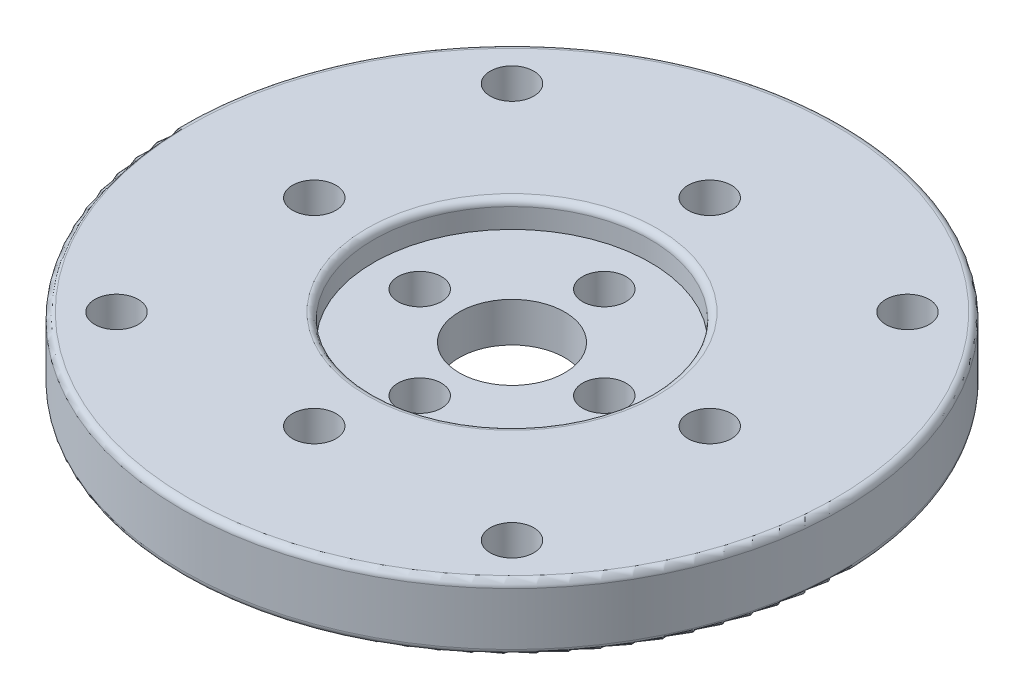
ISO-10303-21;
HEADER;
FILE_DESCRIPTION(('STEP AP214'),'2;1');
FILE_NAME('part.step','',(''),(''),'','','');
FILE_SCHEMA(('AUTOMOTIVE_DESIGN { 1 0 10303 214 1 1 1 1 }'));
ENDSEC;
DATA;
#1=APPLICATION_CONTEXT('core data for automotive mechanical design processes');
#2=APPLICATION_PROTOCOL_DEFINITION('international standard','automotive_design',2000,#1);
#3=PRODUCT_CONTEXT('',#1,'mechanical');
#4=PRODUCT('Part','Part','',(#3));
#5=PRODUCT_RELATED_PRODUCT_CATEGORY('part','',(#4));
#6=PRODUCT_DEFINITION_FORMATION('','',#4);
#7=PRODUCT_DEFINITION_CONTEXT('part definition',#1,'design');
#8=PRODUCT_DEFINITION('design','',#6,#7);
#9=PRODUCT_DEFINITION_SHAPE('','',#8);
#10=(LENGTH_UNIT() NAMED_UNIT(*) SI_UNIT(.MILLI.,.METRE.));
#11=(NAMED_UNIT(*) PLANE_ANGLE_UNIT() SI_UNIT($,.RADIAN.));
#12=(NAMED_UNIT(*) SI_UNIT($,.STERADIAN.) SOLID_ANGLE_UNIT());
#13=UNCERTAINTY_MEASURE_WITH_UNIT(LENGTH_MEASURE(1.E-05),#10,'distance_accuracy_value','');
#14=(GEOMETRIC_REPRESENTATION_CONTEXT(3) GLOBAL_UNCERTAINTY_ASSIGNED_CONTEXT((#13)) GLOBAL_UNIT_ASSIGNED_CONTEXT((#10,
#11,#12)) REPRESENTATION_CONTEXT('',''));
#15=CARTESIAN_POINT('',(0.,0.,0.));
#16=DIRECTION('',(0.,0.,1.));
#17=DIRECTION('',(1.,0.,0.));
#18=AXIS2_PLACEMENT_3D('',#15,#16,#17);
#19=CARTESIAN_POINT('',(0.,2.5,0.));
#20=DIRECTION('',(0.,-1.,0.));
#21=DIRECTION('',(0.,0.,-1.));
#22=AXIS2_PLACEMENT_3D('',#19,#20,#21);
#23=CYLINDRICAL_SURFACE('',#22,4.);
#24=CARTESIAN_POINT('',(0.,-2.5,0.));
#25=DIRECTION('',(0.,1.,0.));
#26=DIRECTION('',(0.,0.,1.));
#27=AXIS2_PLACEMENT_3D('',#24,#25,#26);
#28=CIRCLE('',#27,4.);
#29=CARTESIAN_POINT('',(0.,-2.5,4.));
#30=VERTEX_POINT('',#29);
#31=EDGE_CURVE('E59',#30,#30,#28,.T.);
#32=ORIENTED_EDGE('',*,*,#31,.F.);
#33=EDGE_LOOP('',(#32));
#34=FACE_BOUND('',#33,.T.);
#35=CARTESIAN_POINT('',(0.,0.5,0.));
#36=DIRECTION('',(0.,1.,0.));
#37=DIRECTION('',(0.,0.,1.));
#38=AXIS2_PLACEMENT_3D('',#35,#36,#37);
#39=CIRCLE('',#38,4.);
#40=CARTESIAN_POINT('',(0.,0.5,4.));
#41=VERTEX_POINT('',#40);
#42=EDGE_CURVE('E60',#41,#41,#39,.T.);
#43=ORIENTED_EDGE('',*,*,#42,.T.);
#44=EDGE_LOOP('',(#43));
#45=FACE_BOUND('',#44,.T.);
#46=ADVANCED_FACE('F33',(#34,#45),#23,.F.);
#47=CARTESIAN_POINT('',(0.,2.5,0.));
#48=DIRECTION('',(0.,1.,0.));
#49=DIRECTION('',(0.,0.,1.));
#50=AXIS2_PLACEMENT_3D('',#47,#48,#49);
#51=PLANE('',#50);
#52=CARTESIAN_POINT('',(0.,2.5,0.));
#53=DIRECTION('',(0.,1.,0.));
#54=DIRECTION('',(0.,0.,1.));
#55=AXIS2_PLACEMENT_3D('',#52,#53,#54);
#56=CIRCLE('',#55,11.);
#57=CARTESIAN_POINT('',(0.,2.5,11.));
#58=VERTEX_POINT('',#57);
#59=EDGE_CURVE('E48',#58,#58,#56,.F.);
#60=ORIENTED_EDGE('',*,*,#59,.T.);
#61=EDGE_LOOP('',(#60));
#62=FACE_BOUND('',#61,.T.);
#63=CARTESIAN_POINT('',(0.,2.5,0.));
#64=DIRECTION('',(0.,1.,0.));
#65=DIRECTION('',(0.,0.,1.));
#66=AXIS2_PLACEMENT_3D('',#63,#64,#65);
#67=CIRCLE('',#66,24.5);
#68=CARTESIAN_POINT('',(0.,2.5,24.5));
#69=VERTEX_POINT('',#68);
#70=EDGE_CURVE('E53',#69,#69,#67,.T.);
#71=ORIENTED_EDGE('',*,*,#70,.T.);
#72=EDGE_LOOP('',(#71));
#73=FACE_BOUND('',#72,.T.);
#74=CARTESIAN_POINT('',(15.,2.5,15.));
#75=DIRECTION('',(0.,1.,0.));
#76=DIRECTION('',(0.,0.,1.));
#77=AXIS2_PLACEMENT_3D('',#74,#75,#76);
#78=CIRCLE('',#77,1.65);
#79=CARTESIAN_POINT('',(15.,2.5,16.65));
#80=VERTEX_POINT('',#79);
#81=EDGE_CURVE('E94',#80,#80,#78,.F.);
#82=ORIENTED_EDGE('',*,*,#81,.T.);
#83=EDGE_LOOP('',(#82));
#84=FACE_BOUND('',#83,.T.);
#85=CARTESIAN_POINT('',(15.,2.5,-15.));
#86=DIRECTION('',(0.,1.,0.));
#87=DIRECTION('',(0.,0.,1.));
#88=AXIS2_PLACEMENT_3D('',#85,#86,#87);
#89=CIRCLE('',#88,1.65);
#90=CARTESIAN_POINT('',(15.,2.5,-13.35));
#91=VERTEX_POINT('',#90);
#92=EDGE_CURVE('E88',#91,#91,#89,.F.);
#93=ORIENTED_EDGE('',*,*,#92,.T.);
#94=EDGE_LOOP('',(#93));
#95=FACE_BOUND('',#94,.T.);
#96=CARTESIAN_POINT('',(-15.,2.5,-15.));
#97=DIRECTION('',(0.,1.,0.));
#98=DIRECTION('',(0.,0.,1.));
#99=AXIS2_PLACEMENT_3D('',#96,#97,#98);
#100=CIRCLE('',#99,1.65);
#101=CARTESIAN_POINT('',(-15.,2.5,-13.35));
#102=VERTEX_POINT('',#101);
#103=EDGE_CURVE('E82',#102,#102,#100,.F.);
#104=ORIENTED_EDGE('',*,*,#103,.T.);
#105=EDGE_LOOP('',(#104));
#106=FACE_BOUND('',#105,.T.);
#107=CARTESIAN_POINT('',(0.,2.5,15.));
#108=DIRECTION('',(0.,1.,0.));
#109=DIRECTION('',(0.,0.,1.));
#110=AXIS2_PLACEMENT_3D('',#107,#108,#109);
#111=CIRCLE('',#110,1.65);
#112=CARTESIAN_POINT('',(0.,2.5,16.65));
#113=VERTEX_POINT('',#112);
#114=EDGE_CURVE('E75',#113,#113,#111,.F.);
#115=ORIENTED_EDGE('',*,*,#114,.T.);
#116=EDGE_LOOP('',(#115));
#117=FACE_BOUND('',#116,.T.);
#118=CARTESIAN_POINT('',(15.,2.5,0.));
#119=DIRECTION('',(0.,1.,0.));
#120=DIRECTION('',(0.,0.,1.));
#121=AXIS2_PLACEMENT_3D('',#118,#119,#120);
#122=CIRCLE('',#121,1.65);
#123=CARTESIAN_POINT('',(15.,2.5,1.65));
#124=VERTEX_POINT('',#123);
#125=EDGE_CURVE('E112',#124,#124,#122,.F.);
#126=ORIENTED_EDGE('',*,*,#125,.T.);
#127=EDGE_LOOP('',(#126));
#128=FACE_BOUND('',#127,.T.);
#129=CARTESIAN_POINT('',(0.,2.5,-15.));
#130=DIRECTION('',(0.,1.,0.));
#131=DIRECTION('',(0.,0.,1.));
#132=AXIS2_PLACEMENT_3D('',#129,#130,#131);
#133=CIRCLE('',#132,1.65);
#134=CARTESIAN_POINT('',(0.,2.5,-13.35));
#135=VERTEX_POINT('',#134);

········

### DIRECTIONS
Repeat, exactly as they stand above, the lines from the line with "#85=CARTESIAN_POINT('',(15.,2.5,-15.));" to the line with "#106=FACE_BOUND('',#105,.T.);", both lines included.

### OUTPUT FOR THIS EXERCISE
#85=CARTESIAN_POINT('',(15.,2.5,-15.));
#86=DIRECTION('',(0.,1.,0.));
#87=DIRECTION('',(0.,0.,1.));
#88=AXIS2_PLACEMENT_3D('',#85,#86,#87);
#89=CIRCLE('',#88,1.65);
#90=CARTESIAN_POINT('',(15.,2.5,-13.35));
#91=VERTEX_POINT('',#90);
#92=EDGE_CURVE('E88',#91,#91,#89,.F.);
#93=ORIENTED_EDGE('',*,*,#92,.T.);
#94=EDGE_LOOP('',(#93));
#95=FACE_BOUND('',#94,.T.);
#96=CARTESIAN_POINT('',(-15.,2.5,-15.));
#97=DIRECTION('',(0.,1.,0.));
#98=DIRECTION('',(0.,0.,1.));
#99=AXIS2_PLACEMENT_3D('',#96,#97,#98);
#100=CIRCLE('',#99,1.65);
#101=CARTESIAN_POINT('',(-15.,2.5,-13.35));
#102=VERTEX_POINT('',#101);
#103=EDGE_CURVE('E82',#102,#102,#100,.F.);
#104=ORIENTED_EDGE('',*,*,#103,.T.);
#105=EDGE_LOOP('',(#104));
#106=FACE_BOUND('',#105,.T.);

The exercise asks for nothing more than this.